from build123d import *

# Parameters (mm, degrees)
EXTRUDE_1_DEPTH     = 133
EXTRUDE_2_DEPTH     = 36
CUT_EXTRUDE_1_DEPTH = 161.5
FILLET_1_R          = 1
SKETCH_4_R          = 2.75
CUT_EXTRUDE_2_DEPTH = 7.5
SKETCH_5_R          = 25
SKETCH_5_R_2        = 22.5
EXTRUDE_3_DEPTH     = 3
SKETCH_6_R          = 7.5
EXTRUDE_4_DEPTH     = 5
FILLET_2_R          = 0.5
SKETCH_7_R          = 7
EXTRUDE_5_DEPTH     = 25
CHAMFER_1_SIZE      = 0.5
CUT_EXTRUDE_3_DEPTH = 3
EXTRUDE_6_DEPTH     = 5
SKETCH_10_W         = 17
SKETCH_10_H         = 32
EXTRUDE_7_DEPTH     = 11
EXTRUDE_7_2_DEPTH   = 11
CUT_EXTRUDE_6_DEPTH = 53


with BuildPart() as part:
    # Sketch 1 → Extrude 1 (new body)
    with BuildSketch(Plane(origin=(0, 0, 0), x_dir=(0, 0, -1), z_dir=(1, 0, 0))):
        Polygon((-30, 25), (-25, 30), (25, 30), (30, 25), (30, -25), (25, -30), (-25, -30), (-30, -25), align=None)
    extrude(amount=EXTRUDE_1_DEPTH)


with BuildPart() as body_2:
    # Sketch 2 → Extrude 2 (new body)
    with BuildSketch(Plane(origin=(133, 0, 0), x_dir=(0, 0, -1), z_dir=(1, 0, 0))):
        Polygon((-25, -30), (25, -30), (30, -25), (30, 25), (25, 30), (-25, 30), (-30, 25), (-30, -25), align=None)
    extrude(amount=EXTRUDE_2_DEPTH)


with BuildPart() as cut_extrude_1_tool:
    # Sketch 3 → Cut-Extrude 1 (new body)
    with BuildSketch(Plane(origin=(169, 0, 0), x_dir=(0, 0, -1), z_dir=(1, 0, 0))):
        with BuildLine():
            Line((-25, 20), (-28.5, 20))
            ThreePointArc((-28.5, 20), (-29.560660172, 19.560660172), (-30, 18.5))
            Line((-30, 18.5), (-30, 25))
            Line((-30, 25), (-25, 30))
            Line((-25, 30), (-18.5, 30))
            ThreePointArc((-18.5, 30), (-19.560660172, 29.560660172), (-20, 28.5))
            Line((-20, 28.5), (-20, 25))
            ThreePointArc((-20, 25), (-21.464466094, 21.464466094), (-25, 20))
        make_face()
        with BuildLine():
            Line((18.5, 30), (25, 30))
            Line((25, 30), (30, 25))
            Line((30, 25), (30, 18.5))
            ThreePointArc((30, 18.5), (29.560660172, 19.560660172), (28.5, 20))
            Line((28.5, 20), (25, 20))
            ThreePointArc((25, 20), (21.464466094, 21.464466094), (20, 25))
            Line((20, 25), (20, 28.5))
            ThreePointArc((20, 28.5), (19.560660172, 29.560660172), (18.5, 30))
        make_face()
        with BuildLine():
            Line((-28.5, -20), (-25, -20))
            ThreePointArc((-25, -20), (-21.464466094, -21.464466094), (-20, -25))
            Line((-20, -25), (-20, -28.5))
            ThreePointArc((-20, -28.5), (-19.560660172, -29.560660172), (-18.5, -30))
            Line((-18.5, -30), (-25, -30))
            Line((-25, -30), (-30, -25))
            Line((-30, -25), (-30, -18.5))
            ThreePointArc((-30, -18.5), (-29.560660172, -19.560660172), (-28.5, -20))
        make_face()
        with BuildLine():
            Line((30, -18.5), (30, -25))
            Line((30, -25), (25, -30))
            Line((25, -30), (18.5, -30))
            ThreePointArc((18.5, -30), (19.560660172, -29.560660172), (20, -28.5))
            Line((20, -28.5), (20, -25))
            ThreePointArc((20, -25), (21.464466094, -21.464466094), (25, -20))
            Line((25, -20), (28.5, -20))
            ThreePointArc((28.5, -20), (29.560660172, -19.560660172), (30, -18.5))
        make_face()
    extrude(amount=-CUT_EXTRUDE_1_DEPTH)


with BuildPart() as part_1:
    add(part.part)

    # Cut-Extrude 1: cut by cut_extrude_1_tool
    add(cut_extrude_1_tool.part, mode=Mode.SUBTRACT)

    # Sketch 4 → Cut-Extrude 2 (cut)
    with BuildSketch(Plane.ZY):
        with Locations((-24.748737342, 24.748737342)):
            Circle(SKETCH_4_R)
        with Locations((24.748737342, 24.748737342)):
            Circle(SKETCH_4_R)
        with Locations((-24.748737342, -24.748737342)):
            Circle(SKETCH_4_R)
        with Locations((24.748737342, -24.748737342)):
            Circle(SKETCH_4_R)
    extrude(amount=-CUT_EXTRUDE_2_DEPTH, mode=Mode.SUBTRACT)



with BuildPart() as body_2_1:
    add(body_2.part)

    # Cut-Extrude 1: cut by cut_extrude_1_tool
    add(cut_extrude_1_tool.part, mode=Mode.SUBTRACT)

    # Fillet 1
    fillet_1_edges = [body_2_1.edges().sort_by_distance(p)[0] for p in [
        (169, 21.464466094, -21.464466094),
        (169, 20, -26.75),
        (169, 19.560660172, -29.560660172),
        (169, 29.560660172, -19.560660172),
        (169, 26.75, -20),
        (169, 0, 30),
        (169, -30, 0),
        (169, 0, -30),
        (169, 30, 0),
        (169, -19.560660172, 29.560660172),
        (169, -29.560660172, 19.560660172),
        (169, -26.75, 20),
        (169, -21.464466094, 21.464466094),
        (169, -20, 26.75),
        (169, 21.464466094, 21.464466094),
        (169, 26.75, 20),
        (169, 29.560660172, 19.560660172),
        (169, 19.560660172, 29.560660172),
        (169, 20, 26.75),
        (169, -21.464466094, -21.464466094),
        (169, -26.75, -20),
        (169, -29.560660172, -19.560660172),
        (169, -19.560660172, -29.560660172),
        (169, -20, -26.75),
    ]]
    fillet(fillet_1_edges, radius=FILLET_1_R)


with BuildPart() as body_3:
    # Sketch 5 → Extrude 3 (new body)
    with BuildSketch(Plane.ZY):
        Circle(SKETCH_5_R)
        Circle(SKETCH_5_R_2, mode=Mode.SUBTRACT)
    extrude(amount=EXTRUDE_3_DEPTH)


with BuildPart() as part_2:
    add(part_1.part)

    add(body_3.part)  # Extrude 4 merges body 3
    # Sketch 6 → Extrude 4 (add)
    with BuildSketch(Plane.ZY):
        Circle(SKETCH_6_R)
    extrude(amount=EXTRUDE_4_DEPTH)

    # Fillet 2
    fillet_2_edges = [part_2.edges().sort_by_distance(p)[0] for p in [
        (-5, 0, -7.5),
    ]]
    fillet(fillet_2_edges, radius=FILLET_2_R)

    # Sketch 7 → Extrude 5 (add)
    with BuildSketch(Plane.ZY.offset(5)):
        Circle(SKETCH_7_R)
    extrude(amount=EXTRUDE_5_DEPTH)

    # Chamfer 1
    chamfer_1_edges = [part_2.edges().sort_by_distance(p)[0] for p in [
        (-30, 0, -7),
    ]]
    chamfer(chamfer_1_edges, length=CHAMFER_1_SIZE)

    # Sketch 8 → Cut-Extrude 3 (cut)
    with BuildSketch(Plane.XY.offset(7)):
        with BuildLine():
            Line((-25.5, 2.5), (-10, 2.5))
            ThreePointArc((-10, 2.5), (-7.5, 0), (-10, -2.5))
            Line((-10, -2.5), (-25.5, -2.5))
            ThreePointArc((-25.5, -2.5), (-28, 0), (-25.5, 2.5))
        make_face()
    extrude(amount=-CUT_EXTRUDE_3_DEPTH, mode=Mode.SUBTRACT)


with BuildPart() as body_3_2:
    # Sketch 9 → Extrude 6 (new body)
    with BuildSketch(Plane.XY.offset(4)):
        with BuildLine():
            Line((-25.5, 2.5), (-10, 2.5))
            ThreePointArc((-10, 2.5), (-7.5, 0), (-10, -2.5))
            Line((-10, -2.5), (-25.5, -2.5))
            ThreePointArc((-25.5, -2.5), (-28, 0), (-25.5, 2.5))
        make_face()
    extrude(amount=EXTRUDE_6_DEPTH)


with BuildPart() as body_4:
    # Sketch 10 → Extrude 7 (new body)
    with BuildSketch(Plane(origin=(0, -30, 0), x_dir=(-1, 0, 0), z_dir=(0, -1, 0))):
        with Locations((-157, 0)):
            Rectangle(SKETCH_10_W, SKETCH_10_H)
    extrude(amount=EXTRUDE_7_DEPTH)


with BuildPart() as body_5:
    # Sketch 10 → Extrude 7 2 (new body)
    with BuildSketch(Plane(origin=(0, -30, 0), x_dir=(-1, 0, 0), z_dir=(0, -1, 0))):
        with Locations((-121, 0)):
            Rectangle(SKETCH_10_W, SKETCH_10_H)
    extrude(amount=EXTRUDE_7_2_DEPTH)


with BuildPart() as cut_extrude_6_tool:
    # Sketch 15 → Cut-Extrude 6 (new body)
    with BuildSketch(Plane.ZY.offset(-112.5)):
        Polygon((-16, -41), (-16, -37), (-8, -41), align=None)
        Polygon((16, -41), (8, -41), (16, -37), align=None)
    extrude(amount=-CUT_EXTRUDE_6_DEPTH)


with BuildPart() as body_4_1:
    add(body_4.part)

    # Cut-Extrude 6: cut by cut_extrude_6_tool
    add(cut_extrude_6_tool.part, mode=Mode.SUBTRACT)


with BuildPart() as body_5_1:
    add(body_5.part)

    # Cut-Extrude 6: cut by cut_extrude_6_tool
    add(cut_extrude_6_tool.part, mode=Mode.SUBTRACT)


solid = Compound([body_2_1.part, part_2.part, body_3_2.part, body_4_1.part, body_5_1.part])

--

*Task requirements*.
Check each line of the listing for "radius", and copy the ones that hold it.

*Output of the task*.
    fillet(fillet_1_edges, radius=FILLET_1_R)
    fillet(fillet_2_edges, radius=FILLET_2_R)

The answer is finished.